Neighborhoods: Residents watch out for each other in the Wildrose subdivision
It takes more than a plat map and a few houses to make a neighborhood. It takes people. Warm, caring, friendly people, like the people who live in the Wildrose Subdivision.
“My dad subdivided and developed Wildrose in the 1960’s and 1970’s,” said Renee Mack, daughter of Duane “Scotchy” Mack, and current owner of Mack Land and Cattle Co. “He planned a nice subdivision. After all, the people who moved in were going to be our closest neighbors.”
The subdivision extends south from a cul-de-sac off Seventh Street in Minden and includes parts of Spruce and Willow streets in Gardnerville, and was actually planned and built out over the course of many years. The first subdivision map for Wildrose 1 was recorded in 1964. Work began on the third unit of Wildrose 3 in 1973.
“Wildrose may have the distinction of being the only subdivision that is in both Minden and Gardnerville,” said Sheila Byington of the Town of Minden. “The division between the two towns runs jagged. Some residents live in Minden. Others live in Gardnerville.”

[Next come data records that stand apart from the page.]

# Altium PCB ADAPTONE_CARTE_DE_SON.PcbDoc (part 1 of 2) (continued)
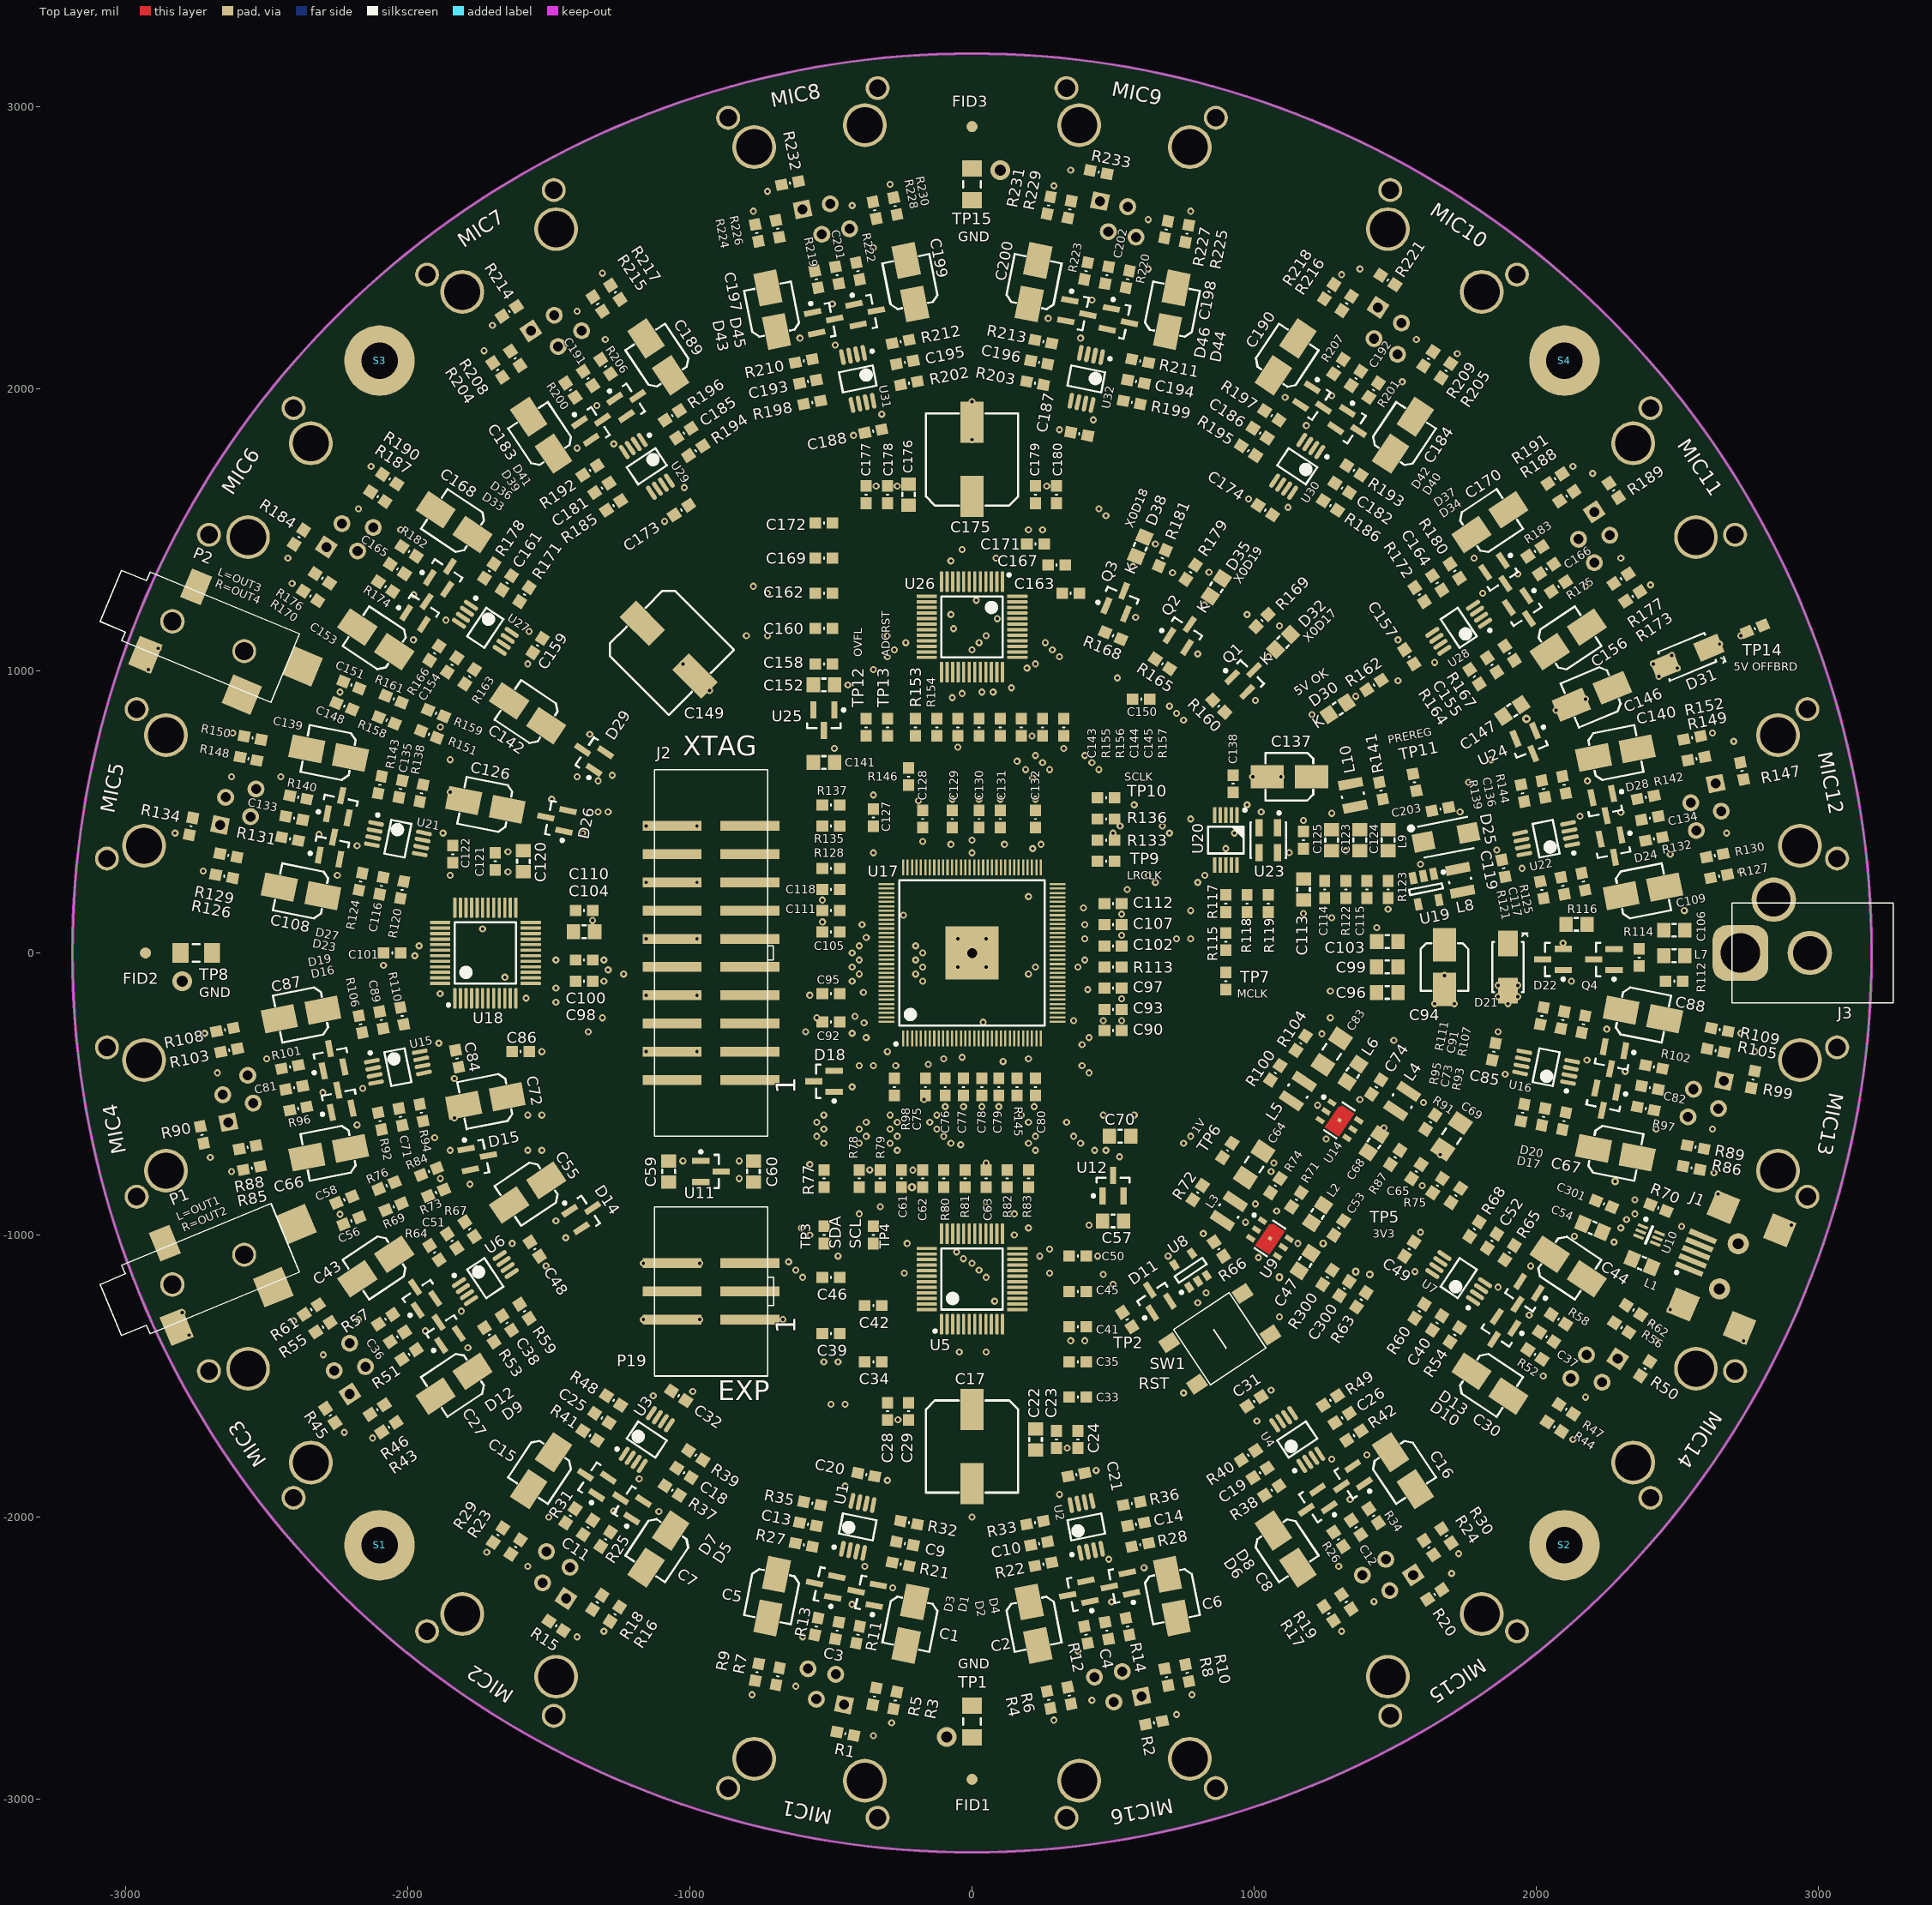
[diagram p0: Top Layer view]
## Design rules (kind name [scope] priority, off if disabled: settings) (continued)
Width [All] p1: maxlimit=100 minlimit=7.87 preferedwidth=10 toplayer_prefwidth=8 midlayer1_minwidth=10 midlayer1_maxwidth=10 midlayer2_minwidth=10 midlayer2_maxwidth=10 bottomlayer_prefwidth=8 minimp=50.000000 maximp=50.000000 favimp=50.000000
28 further rules are at their usual default settings.

## Classes and differential pairs
channel class InputAmplifier: InputAmplifier01 InputAmplifier02 InputAmplifier03 InputAmplifier04 InputAmplifier05 InputAmplifier06 InputAmplifier07 InputAmplifier08 InputAmplifier09 InputAmplifier010 InputAmplifier011 InputAmplifier012 InputAmplifier013 InputAmplifier014 InputAmplifier015 InputAmplifier016 InputAmplifier017 InputAmplifier018 InputAmplifier019 InputAmplifier020 InputAmplifier021 InputAmplifier022 InputAmplifier023 InputAmplifier024
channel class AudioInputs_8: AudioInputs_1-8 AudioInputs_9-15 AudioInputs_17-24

–Neighbor helping neighbor. Bea Jones is a Gardnerville resident . . . she thinks.
“I remember when there was a little settlement between Gardnerville and Minden,” said Jones who was born in the Carson Valley 89 years ago. “It was called Millerville, and it’s where the Stratton Center is now. I live just a hop, skip, and a jump from the Stratton Center, so maybe I’m a Millerville resident.”
Jones and her father bought the home in Wildrose in 1972.
“The neighbors are very helpful,” said Jones. “In the winter they make sure my driveway and walks are shoveled. They help with yard work in the summer. One neighbor watches for my curtains to open in the morning. That way she knows I’m all right. Everyone seems to watch around. One morning I didn’t go out to get my papers and a neighbor called to tell me she was concerned about me.”
Wildrose Street, the main thoroughfare of the subdivision, is just four blocks from Highway 395, but it could be the model for a kinder, gentler lifestyle. Built against the backdrop of the green fields, willows and cattails of Mack Land and Cattle Co., snapdragons and petunias, neatly trimmed yards and manicured shrubs contribute to the old-fashioned charm of the well-tended houses. And someone erected a basketball hoop at the end of one of the dead end streets, a testimony to the neighborhood’s commitment to children.
–Newcomers welcome, too. New to Wildrose are Brandon and Kathy Swain and their three children from previous marriages, Samantha, Shannon and Daniel. They bought their house in October, and were married at their home on June 6.
“I’m sure all of the neighborhood knew about it,” said Billie Swain, Brandon’s mother who was visiting her family. “There were at least 150 people and not one neighbor complained. As a matter of fact they were seemed to be pleased that Brandon and Kathy got married here.”
Brandon, a teacher at Douglas County School District’s Professional Development Center, said, “A friend of ours showed us this house, and we never looked at another home. The house was perfect for our needs, and we liked the feel of the street. It’s a beautiful neighborhood, it’s near the park and centrally located which is convenient for the kids and us. It’s also well kept up. We enjoy gardening and so it seems does everyone else up and down the street.”
“It’s peaceful here,” added Swain’s wife, Kathy who works at Western Title. “I love the view of the mountains and that it’s so quiet. It feels like a neighborhood because people walk down the street and you get to know them.”
n Great for kids. According to JoAnn Bruns, a Realtor with Century 21, the neighborhood was perfect for raising her children.
“Dennis (her husband) and I have lived here for 30 years. A lot of people on the street have been here a long time. Many bought the house new and have stayed. Both our children were born and raised here and we have had the best of all worlds. It’s a short walk to church and everything else. It’s convenient to just about everything. I enjoy living in town, yet I love the green fields right out our back doors.”
John Hamer, a Realtor with Coldwell Banker Itildo Realty, and his wife, Linda, who is a parole officer, appreciate the ranchland abutting their property.
“I love the fact that Jacques Etchegoyhben, an elected official, mows my backyard,” joked Hamer. “But, sincerely, the neighbors are friendly, we get along, and we talk and see each other in the neighborhood all the time.”
“I’ve watched families grow up and the children move away. It feels like a homecoming when they visit.”